Autres temps, autres amendements
Le débat n’est pas nouveau. En 2015 déjà, un amendement similaire avait été proposé lors des discussions autour de la loi de finances. Cet amendement avait rencontré une opposition farouche de la part des députés du PJD. Ironie du sort, c’est ce même parti qui est à l’origine de la proposition dans le cadre du PLF 2017. Selon le quotidien Akhbar Al Yaoum, réputé proche du parti à la lampe, c’est Idriss El Azami El Idrissi, président du groupe parlementaire du PJD, qui serait à l’origine de cet amendement.

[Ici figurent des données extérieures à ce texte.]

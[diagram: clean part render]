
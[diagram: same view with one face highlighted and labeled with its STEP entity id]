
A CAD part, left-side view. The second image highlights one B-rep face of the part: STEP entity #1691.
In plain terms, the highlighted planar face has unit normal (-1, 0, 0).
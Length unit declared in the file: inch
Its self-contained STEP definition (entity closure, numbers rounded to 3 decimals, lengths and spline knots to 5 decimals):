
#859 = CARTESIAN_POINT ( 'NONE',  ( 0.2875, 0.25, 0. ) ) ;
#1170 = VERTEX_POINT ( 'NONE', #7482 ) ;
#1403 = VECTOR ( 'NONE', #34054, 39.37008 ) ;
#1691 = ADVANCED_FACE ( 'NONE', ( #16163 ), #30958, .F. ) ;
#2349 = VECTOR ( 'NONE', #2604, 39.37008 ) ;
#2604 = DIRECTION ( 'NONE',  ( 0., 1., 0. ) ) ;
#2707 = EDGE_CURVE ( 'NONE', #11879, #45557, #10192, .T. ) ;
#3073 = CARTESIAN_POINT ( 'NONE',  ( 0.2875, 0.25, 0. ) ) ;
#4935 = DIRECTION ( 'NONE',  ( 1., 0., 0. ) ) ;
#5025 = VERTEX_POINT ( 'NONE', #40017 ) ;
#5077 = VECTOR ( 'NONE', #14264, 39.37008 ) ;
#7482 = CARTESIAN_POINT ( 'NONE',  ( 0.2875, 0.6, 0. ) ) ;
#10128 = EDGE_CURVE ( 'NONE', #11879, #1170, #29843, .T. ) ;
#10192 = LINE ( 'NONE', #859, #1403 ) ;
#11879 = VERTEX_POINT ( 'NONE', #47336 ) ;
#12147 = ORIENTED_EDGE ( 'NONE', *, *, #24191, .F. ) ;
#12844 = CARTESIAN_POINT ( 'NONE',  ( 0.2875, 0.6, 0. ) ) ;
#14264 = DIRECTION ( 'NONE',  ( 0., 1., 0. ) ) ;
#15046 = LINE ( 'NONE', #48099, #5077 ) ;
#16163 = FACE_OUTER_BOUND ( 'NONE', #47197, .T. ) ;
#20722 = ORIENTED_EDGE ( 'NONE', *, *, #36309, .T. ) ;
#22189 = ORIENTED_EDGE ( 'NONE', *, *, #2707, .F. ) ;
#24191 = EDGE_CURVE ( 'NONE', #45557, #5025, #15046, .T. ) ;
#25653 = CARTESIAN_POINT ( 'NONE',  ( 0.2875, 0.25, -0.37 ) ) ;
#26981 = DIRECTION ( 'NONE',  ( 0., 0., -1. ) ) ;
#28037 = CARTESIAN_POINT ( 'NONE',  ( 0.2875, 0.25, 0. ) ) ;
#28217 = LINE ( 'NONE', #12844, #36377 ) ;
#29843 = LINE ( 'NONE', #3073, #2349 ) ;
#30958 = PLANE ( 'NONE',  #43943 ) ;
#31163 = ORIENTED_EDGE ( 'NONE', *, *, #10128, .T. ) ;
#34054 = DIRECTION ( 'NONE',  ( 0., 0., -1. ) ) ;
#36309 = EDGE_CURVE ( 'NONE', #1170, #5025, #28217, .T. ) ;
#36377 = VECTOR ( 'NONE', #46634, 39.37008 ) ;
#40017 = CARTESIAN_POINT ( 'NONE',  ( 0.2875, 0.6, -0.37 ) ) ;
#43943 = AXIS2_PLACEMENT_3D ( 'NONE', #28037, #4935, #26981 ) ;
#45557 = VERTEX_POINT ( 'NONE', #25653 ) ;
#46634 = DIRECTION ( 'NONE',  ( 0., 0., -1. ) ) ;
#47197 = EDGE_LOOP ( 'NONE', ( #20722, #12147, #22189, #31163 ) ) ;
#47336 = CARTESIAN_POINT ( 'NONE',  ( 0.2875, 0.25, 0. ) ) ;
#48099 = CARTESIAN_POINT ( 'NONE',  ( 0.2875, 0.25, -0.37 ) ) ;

« Entre 2015 et 2017, ils ont mis la main sur beaucoup de villes et de municipalités. Ils défendent donc les intérêts de leurs communes, car une commune placée sous mesure de saisie équivaudrait à une faillite, ce qui renforce l’idée d’un problème de gestion aux yeux du citoyen« , analyse Mustapha Sehimi. Le politologue rappelle qu’Idriss El Azami El Idrissi est aussi le président de l’Association des présidents des communes.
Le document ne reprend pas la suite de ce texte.